# Lucid Dreaming > Dream Control >  >  Summoning your Spirit Guide

## ruff23

A long time ago i read of people having spirit guides int here dream worlds, ive read there simple to summon them, just call out for them or call out for a spirit guide. I read that if you call a certain name (i forgot the name its been a while) that paticular spirit guide will come.

So in a few LD's ive tried this, Ive continuely calld out for one to come to me, no luck usualy i just stand there and nothing much happens, ive also tried callign that indervidual name, and ive had no success, ive tried using my mind to call for them but no success.

Anyone else delved with this or had any success?

----------


## Clairity

> A long time ago i read of people having spirit guides int here dream worlds, ive read there simple to summon them, just call out for them or call out for a spirit guide. I read that if you call a certain name (i forgot the name its been a while) that paticular spirit guide will come.
> 
> So in a few LD's ive tried this, Ive continuely calld out for one to come to me, no luck usualy i just stand there and nothing much happens, ive also tried callign that indervidual name, and ive had no success, ive tried using my mind to call for them but no success.
> 
> Anyone else delved with this or had any success?

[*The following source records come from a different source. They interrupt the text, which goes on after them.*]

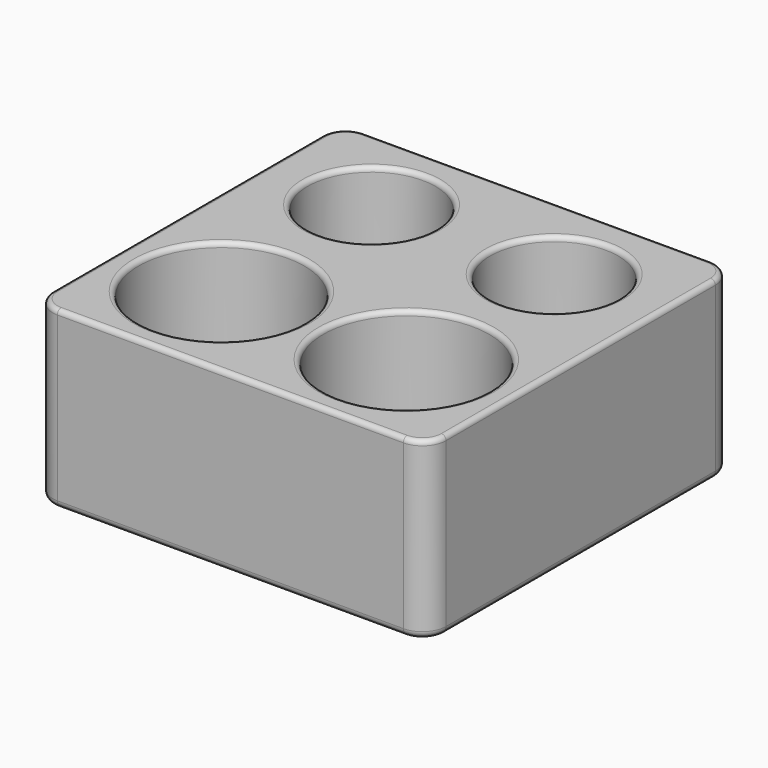
from build123d import *

# Parameters (mm, degrees)
F0_W         = 83
F0_H         = 81
F0_R         = 17.5
F0_R_2       = 13.5
F1_DEPTH     = 36
F2_R         = 1
F3_W         = 83
F3_H         = 81
F4_DEPTH     = 1
F5_T1_DEPTH  = 49.5
F5_T4_ANGLE  = 90
F5_T6_ANGLE  = 90
F5_T8_ANGLE  = 90
F5_T10_ANGLE = 90
F6_R         = 1.5


# Not quite as in the source:
# - a fillet or chamfer that OpenCascade refuses, or shapes differently, is made with other operations: its cross-section is extruded or revolved along the edge and cut away or added
# - a feature names something its author has since deleted; it is built from what else it names


with BuildPart() as f1:
    # F0 (on Top) → F1 (new body)
    with BuildSketch(Plane.XY):
        with Locations((-3, 18.5)):
            Rectangle(F0_W, F0_H)
        with Locations((-22.5, 0)):
            Circle(F0_R, mode=Mode.SUBTRACT)
        with Locations((16.5, 0)):
            Circle(F0_R, mode=Mode.SUBTRACT)
        with Locations((-22.5, 39.5840890706)):
            Circle(F0_R_2, mode=Mode.SUBTRACT)
        with Locations((16.5, 39)):
            Circle(F0_R_2, mode=Mode.SUBTRACT)
    extrude(amount=F1_DEPTH)

    # F2
    f2_edges = [f1.edges().sort_by_distance(p)[0] for p in [
        (-3, 59, 36),
        (-44.5, 18.5, 36),
        (-3, -22, 36),
        (38.5, 18.5, 36),
        (-40, 0, 36),
        (-1, 0, 36),
        (-36, 39.584089, 36),
        (3, 39, 36),
    ]]
    fillet(f2_edges, radius=F2_R)

    # F3 (on face) → F4 (join)
    with BuildSketch(Plane(origin=(0, 0, 0), x_dir=(1, 0, 0), z_dir=(0, 0, -1))):
        with Locations((-3, -18.5)):
            Rectangle(F3_W, F3_H)
    extrude(amount=F4_DEPTH)

    # F5: fillet of radius 5 on 4 edges, made by hand

    # F5_s2 → F5_t1 (cut)
    with BuildSketch(Plane.XY.offset(-13.5)):
        with BuildLine():
            ThreePointArc((-39.5, 59), (-43.0355339059, 57.5355339059), (-44.5, 54))
            Line((-44.5, 54), (-44.5, 59))
            Line((-44.5, 59), (-39.5, 59))
        make_face()
        with BuildLine():
            ThreePointArc((-39.5, -22), (-43.0355339059, -20.5355339059), (-44.5, -17))
            Line((-44.5, -17), (-44.5, -22))
            Line((-44.5, -22), (-39.5, -22))
        make_face()
        with BuildLine():
            ThreePointArc((33.5, -22), (37.0355339059, -20.5355339059), (38.5, -17))
            Line((38.5, -17), (38.5, -22))
            Line((38.5, -22), (33.5, -22))
        make_face()
        with BuildLine():
            ThreePointArc((33.5, 59), (37.0355339059, 57.5355339059), (38.5, 54))
            Line((38.5, 54), (38.5, 59))
            Line((38.5, 59), (33.5, 59))
        make_face()
    extrude(amount=F5_T1_DEPTH, mode=Mode.SUBTRACT)

    # F5_s3 → F5_t4 (revolve, cut)
    with BuildSketch(Plane.XZ.offset(-54)):
        with BuildLine():
            ThreePointArc((37.5, 36), (38.2071067812, 35.7071067812), (38.5, 35))
            Line((38.5, 35), (38.5, 36))
            Line((38.5, 36), (37.5, 36))
        make_face()
    revolve(axis=Axis((33.5, 54, 36), (0, 0, 1)), revolution_arc=F5_T4_ANGLE, mode=Mode.SUBTRACT)

    # F5_s5 → F5_t6 (revolve, cut)
    with BuildSketch(Plane.YZ.offset(33.5)):
        with BuildLine():
            ThreePointArc((-21, 36), (-21.7071067812, 35.7071067812), (-22, 35))
            Line((-22, 35), (-22, 36))
            Line((-22, 36), (-21, 36))
        make_face()
    revolve(axis=Axis((33.5, -17, 36), (0, 0, 1)), revolution_arc=F5_T6_ANGLE, mode=Mode.SUBTRACT)

    # F5_s7 → F5_t8 (revolve, cut)
    with BuildSketch(Plane.XZ.offset(17)):
        with BuildLine():
            ThreePointArc((-43.5, 36), (-44.2071067812, 35.7071067812), (-44.5, 35))
            Line((-44.5, 35), (-44.5, 36))
            Line((-44.5, 36), (-43.5, 36))
        make_face()
    revolve(axis=Axis((-39.5, -17, 36), (0, 0, 1)), revolution_arc=F5_T8_ANGLE, mode=Mode.SUBTRACT)

    # F5_s9 → F5_t10 (revolve, cut)
    with BuildSketch(Plane.YZ.offset(-39.5)):
        with BuildLine():
            ThreePointArc((58, 36), (58.7071067812, 35.7071067812), (59, 35))
            Line((59, 35), (59, 36))
            Line((59, 36), (58, 36))
        make_face()
    revolve(axis=Axis((-39.5, 54, 36), (0, 0, 1)), revolution_arc=F5_T10_ANGLE, mode=Mode.SUBTRACT)

    # F6
    f6_edges = [f1.edges().sort_by_distance(p)[0] for p in [
        (37.035534, -20.535534, -1),
        (38.5, 18.5, -1),
        (37.035534, 57.535534, -1),
        (-3, 59, -1),
        (-43.035534, 57.535534, -1),
        (-44.5, 18.5, -1),
        (-43.035534, -20.535534, -1),
        (-3, -22, -1),
    ]]
    fillet(f6_edges, radius=F6_R)


solid = f1.part
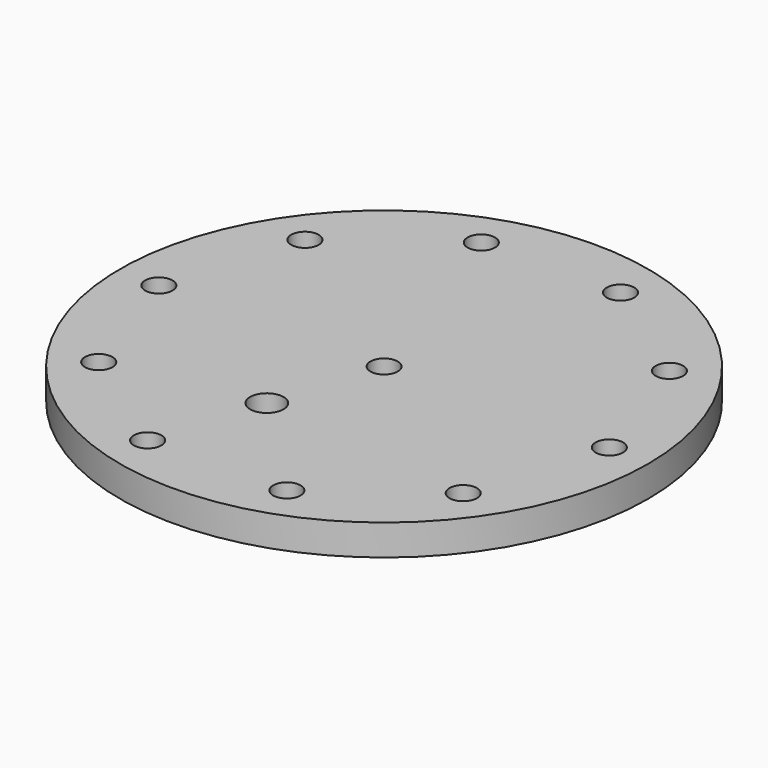
from build123d import *

# Parameters (mm, degrees)
F0_R            = 76.2
F1_DEPTH        = 8.89
F2_R            = 3.937
F3_DEPTH        = 25.4
F4_R            = 4.826
F5_DEPTH        = 25.4
F6_R            = 3.9624
F7_DEPTH        = 25.4
F7_COPIES_COUNT = 10


# Not quite as in the source:
# - a pattern or mirror of a feature is missing from the dataset's text; its kind, count and spacing are read off the source's solid


with BuildPart() as f1:
    # F0 (on Top) → F1 (new body)
    with BuildSketch(Plane.XY):
        Circle(F0_R)
    extrude(amount=F1_DEPTH)

    # F2 (on face) → F3 (cut)
    with BuildSketch(Plane.XY.offset(8.89)):
        Circle(F2_R)
    extrude(amount=-F3_DEPTH, mode=Mode.SUBTRACT)

    # F4 (on face) → F5 (cut)
    with BuildSketch(Plane.XY.offset(8.89)):
        with Locations((-9.46404, -30.48)):
            Circle(F4_R)
    extrude(amount=-F5_DEPTH, mode=Mode.SUBTRACT)

    # F6 (on face) → F7 (cut)
    with BuildSketch(Plane.XY.offset(8.89)):
        with Locations((-19.085301976, -61.4663509693)):
            Circle(F6_R)
    f7 = extrude(amount=-F7_DEPTH, mode=Mode.SUBTRACT)

    # F7_copies: F7 ×10 about axis
    f7_copies_axis = Axis((0, 0, 0), (0, 0, 1))
    for i in range(1, F7_COPIES_COUNT):
        add(f7.rotate(f7_copies_axis, i * 360 / F7_COPIES_COUNT), mode=Mode.SUBTRACT)


solid = f1.part
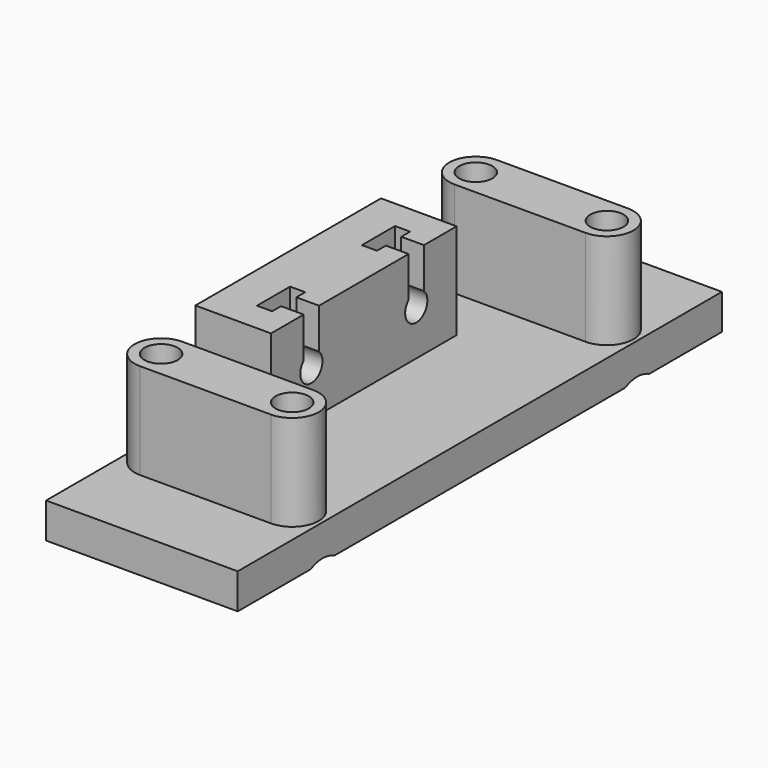
from build123d import *

# Parameters (mm, degrees)
F0_W           = 15
F0_H           = 46
F0_R           = 2.5
F1_DEPTH       = 7
F2_DEPTH       = 19
F4_D           = 5.5
F4_CBORE_D     = 9.75
F4_CBORE_DEPTH = 5
F5_W           = 3
F5_H           = 8.2
F6_DEPTH       = 20
F8_D           = 6.6
F8_DEPTH       = 40
F8_CSINK_D     = 13.44
F8_CSINK_ANGLE = 90
F8_TIP         = 1.9828400428
F9_W           = 4.5
F9_H           = 3.8
F10_DEPTH      = 10


# Not quite as in the source:
# - a feature names something its author has since deleted; it is built from what else it names


with BuildPart() as f1:
    # F0 (on Top) → F1 (new body)
    with BuildSketch(Plane.XY):
        Polygon((-80, -60), (-80, 60), (-118, 60), (-118, 23), (-103, 23), (-103, -23), (-118, -23), (-118, -60), align=None)
        with BuildLine():
            Line((-86, -44.25), (-112, -44.25))
            ThreePointArc((-112, -44.25), (-117.25, -39), (-112, -33.75))
            Line((-112, -33.75), (-86, -33.75))
            ThreePointArc((-86, -33.75), (-80.75, -39), (-86, -44.25))
        make_face(mode=Mode.SUBTRACT)
        with BuildLine():
            Line((-86, 33.75), (-112, 33.75))
            ThreePointArc((-112, 33.75), (-117.25, 39), (-112, 44.25))
            Line((-112, 44.25), (-86, 44.25))
            ThreePointArc((-86, 44.25), (-80.75, 39), (-86, 33.75))
        make_face(mode=Mode.SUBTRACT)
        with Locations((-110.5, 0)):
            Rectangle(F0_W, F0_H)
        with BuildLine():
            ThreePointArc((-112, 44.25), (-117.25, 39), (-112, 33.75))
            Line((-112, 33.75), (-86, 33.75))
            ThreePointArc((-86, 33.75), (-80.75, 39), (-86, 44.25))
            Line((-86, 44.25), (-112, 44.25))
        make_face()
        with Locations((-112, 39)):
            Circle(F0_R, mode=Mode.SUBTRACT)
        with Locations((-86, 39)):
            Circle(F0_R, mode=Mode.SUBTRACT)
        with BuildLine():
            ThreePointArc((-112, -33.75), (-117.25, -39), (-112, -44.25))
            Line((-112, -44.25), (-86, -44.25))
            ThreePointArc((-86, -44.25), (-80.75, -39), (-86, -33.75))
            Line((-86, -33.75), (-112, -33.75))
        make_face()
        with Locations((-112, -39)):
            Circle(F0_R, mode=Mode.SUBTRACT)
        with BuildLine():
            ThreePointArc((-83.5, -39), (-86, -41.5), (-88.5, -39))
            ThreePointArc((-88.5, -39), (-86, -36.5), (-83.5, -39))
        make_face(mode=Mode.SUBTRACT)
        with Locations((-112, 39)):
            Circle(F0_R)
        with Locations((-86, 39)):
            Circle(F0_R)
        with Locations((-112, -39)):
            Circle(F0_R)
        with BuildLine():
            ThreePointArc((-83.5, -39), (-86, -36.5), (-88.5, -39))
            ThreePointArc((-88.5, -39), (-86, -41.5), (-83.5, -39))
        make_face()
    extrude(amount=-F1_DEPTH)

    # F0 (on Top) → F2 (join)
    with BuildSketch(Plane.XY):
        with BuildLine():
            ThreePointArc((-112, 44.25), (-117.25, 39), (-112, 33.75))
            Line((-112, 33.75), (-86, 33.75))
            ThreePointArc((-86, 33.75), (-80.75, 39), (-86, 44.25))
            Line((-86, 44.25), (-112, 44.25))
        make_face()
        with Locations((-112, 39)):
            Circle(F0_R, mode=Mode.SUBTRACT)
        with Locations((-86, 39)):
            Circle(F0_R, mode=Mode.SUBTRACT)
        with BuildLine():
            ThreePointArc((-112, -33.75), (-117.25, -39), (-112, -44.25))
            Line((-112, -44.25), (-86, -44.25))
            ThreePointArc((-86, -44.25), (-80.75, -39), (-86, -33.75))
            Line((-86, -33.75), (-112, -33.75))
        make_face()
        with Locations((-112, -39)):
            Circle(F0_R, mode=Mode.SUBTRACT)
        with BuildLine():
            ThreePointArc((-83.5, -39), (-86, -41.5), (-88.5, -39))
            ThreePointArc((-88.5, -39), (-86, -36.5), (-83.5, -39))
        make_face(mode=Mode.SUBTRACT)
        with Locations((-110.5, 0)):
            Rectangle(F0_W, F0_H)
        with Locations((-112, 39)):
            Circle(F0_R)
        with Locations((-86, 39)):
            Circle(F0_R)
        with BuildLine():
            ThreePointArc((-83.5, -39), (-86, -36.5), (-88.5, -39))
            ThreePointArc((-88.5, -39), (-86, -41.5), (-83.5, -39))
        make_face()
        with Locations((-112, -39)):
            Circle(F0_R)
    extrude(amount=F2_DEPTH)

    # F4 (through all)
    with Locations(Plane(origin=(-118, 0, 0), x_dir=(0, -1, 0), z_dir=(-1, 0, 0))):
        with Locations((-13, 9), (13, 9)):
            CounterBoreHole(F4_D / 2, F4_CBORE_D / 2, F4_CBORE_DEPTH)

    # F5 (on face) → F6 (cut)
    with BuildSketch(Plane.XY.offset(19)):
        with Locations((-109, 13)):
            Rectangle(F5_W, F5_H)
        with Locations((-109, -13)):
            Rectangle(F5_W, F5_H)
    extrude(amount=-F6_DEPTH, mode=Mode.SUBTRACT)

    # F8
    with Locations(Plane(origin=(0, 0, -7), x_dir=(1, 0, 0), z_dir=(0, 0, -1))):
        with Locations((-86, -39), (-112, -39), (-112, 39), (-86, 39)):
            CounterSinkHole(F8_D / 2, F8_CSINK_D / 2, depth=F8_DEPTH, counter_sink_angle=F8_CSINK_ANGLE)
            with Locations((0, 0, -(F8_DEPTH + F8_TIP / 2))):  # 118° drill point
                Cone(0, F8_D / 2, F8_TIP, mode=Mode.SUBTRACT)

    # F9 (on face) → F10 (cut)
    with BuildSketch(Plane.XY.offset(19)):
        with Locations((-105.25, 13)):
            Rectangle(F9_W, F9_H)
        with Locations((-105.25, -13)):
            Rectangle(F9_W, F9_H)
    extrude(amount=-F10_DEPTH, mode=Mode.SUBTRACT)


solid = f1.part
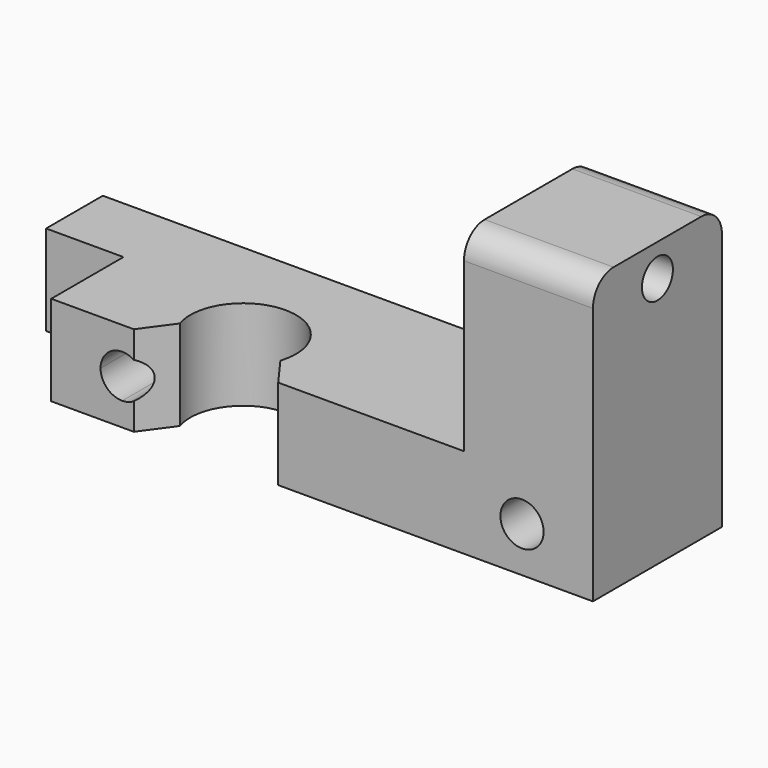
from build123d import *

# Parameters (mm, degrees)
F1_W         = 42
F1_H         = 12.5
F2_DEPTH     = 7
F3_R         = 4.1
F4_DEPTH     = 25
F5_T1_DEPTH  = 26.0282480506
F7_DEPTH     = 25
F8_TEXT_SIZE = 9.7222222222
F9_DEPTH     = 1
F10_W        = 10
F10_H        = 12.5
F11_DEPTH    = 15
F12_R        = 1.5
F13_DEPTH    = 25
F14_R        = 2
F15_W        = 5.5
F15_H        = 7
F16_DEPTH    = 6


# Not quite as in the source:
# - a fillet or chamfer that OpenCascade refuses, or shapes differently, is made with other operations: its cross-section is extruded or revolved along the edge and cut away or added
# - Text() gives the source's letters only with a copy of the font that has no kerning and outlines rounded to 1/6400 em; it was checked with that copy


with BuildPart() as f2:
    # F1 (on Top) → F2 (new body)
    with BuildSketch(Plane.XY):
        with Locations((21, 6.25)):
            Rectangle(F1_W, F1_H)
    extrude(amount=F2_DEPTH)

    # F3 (on face) → F4 (cut)
    with BuildSketch(Plane.XY.offset(7)):
        with Locations((12, 3.6)):
            Circle(F3_R)
    extrude(amount=-F4_DEPTH, mode=Mode.SUBTRACT)

    # F5: chamfer of 7 on 2 edges, made by hand

    # F5_s2 → F5_t1 (cut)
    with BuildSketch(Plane.XY.offset(-9.5141240253)):
        with BuildLine():
            Line((17.7610452751, -0.2264961011), (15.73515334, 2.5608842714))
            Line((15.73515334, 2.5608842714), (15.6019903715, 2.6041002851))
            ThreePointArc((15.6019903715, 2.6041002851), (15.0707550937, 1.0995874031), (13.895141727, 0.1229268293))
            Line((13.895141727, 0.1229268293), (13.962141687, -0.14))
            ThreePointArc((13.962141687, -0.14), (15.861593481, -0.14), (17.7610452751, -0.3664961011))
            Line((17.7610452751, -0.3664961011), (17.7610452751, -0.2264961011))
        make_face()
        with BuildLine():
            Line((8.26484666, 2.5608842714), (6.2389547249, -0.2264961011))
            Line((6.2389547249, -0.2264961011), (6.2389547249, -0.3664961011))
            ThreePointArc((6.2389547249, -0.3664961011), (8.138406519, -0.14), (10.037858313, -0.14))
            Line((10.037858313, -0.14), (10.104858273, 0.1229268293))
            ThreePointArc((10.104858273, 0.1229268293), (8.9292449063, 1.0995874031), (8.3980096285, 2.6041002851))
            Line((8.3980096285, 2.6041002851), (8.26484666, 2.5608842714))
        make_face()
    extrude(amount=F5_T1_DEPTH, mode=Mode.SUBTRACT)

    # F6 (on face) → F7 (cut)
    with BuildSketch(Plane(origin=(0, 12.5, 0), x_dir=(-1, 0, 0), z_dir=(0, 1, 0))):
        with BuildLine():
            Line((-5.5, 3.5), (-3.825, 3.5))
            ThreePointArc((-3.825, 3.5), (-4.3155961415, 4.6844038585), (-5.5, 5.175))
            Line((-5.5, 5.175), (-5.5, 3.5))
        make_face()
        with BuildLine():
            ThreePointArc((-5.5, 1.825), (-4.3155961415, 2.3155961415), (-3.825, 3.5))
            Line((-3.825, 3.5), (-5.5, 3.5))
            Line((-5.5, 3.5), (-5.5, 1.825))
        make_face()
        with BuildLine():
            Line((-5.5, 3.5), (-5.5, 5.175))
            ThreePointArc((-5.5, 5.175), (-7.175, 3.5), (-5.5, 1.825))
            Line((-5.5, 1.825), (-5.5, 3.5))
        make_face()
        with BuildLine():
            ThreePointArc((-38.175, 3.5), (-36.5, 1.825), (-34.825, 3.5))
            ThreePointArc((-34.825, 3.5), (-36.5, 5.175), (-38.175, 3.5))
        make_face()
    extrude(amount=-F7_DEPTH, mode=Mode.SUBTRACT)

    # F8 (on face) → F9 (join)
    with BuildSketch(Plane(origin=(0, 12.5, 0), x_dir=(-1, 0, 0), z_dir=(0, 1, 0))):
        with Locations((-26.2691155076, 0)):
            Text('R', F8_TEXT_SIZE, font='Open Sans', font_style=FontStyle.BOLD, text_align=(TextAlign.LEFT, TextAlign.BOTTOM))
    extrude(amount=F9_DEPTH)

    # F10 (on face) → F11 (join)
    with BuildSketch(Plane.XY.offset(7)):
        with Locations((37, 6.25)):
            Rectangle(F10_W, F10_H)
    extrude(amount=F11_DEPTH)

    # F12 (on face) → F13 (cut)
    with BuildSketch(Plane.YZ.offset(42)):
        with Locations((6.25, 19.5)):
            Circle(F12_R)
    extrude(amount=-F13_DEPTH, mode=Mode.SUBTRACT)

    # F14
    f14_edges = [f2.edges().sort_by_distance(p)[0] for p in [
        (37, 0, 22),
        (37, 12.5, 22),
    ]]
    fillet(f14_edges, radius=F14_R)

    # F15 (on face) → F16 (join)
    with BuildSketch(Plane(origin=(0, 0, 0), x_dir=(0, -1, 0), z_dir=(-1, 0, 0))):
        with Locations((-9.75, 3.5)):
            Rectangle(F15_W, F15_H)
    extrude(amount=F16_DEPTH)


solid = f2.part

I've had success with just calling out for my spirit/dream guide but there is a tutorial about finding your dream guide and I've provided it below:

http://www.dreamviews.com/community/...ad.php?t=32145

----------


## arne saknussemm

If anything in your dreams really wanted to help you, you wouldn't need to call it.

The things in your dreams don't like you.  That's why they aren't falling over themselves to help you.

----------


## BeSomebody

> If anything in your dreams really wanted to help you, you wouldn't need to call it.
> 
> The things in your dreams don't like you.  That's why they aren't falling over themselves to help you.



 Yep, most of my dream characters are indifferent to me. Except for the mad science teacher with the axe that tried to hack me up one time (and was impervious to my powers I might add) and the kindly old gentleman that promised me more lucid dreams.            


...Hey, wait a s-



 Anyway, the Dream Guide isn't a dream phenomenon, it's an extension of your desire to have a helpful dream character. There's no magic way to summon one, just find it like you would a normal DC.

----------


## Kiza

> If anything in your dreams really wanted to help you, you wouldn't need to call it.
> 
> The things in your dreams don't like you. That's why they aren't falling over themselves to help you.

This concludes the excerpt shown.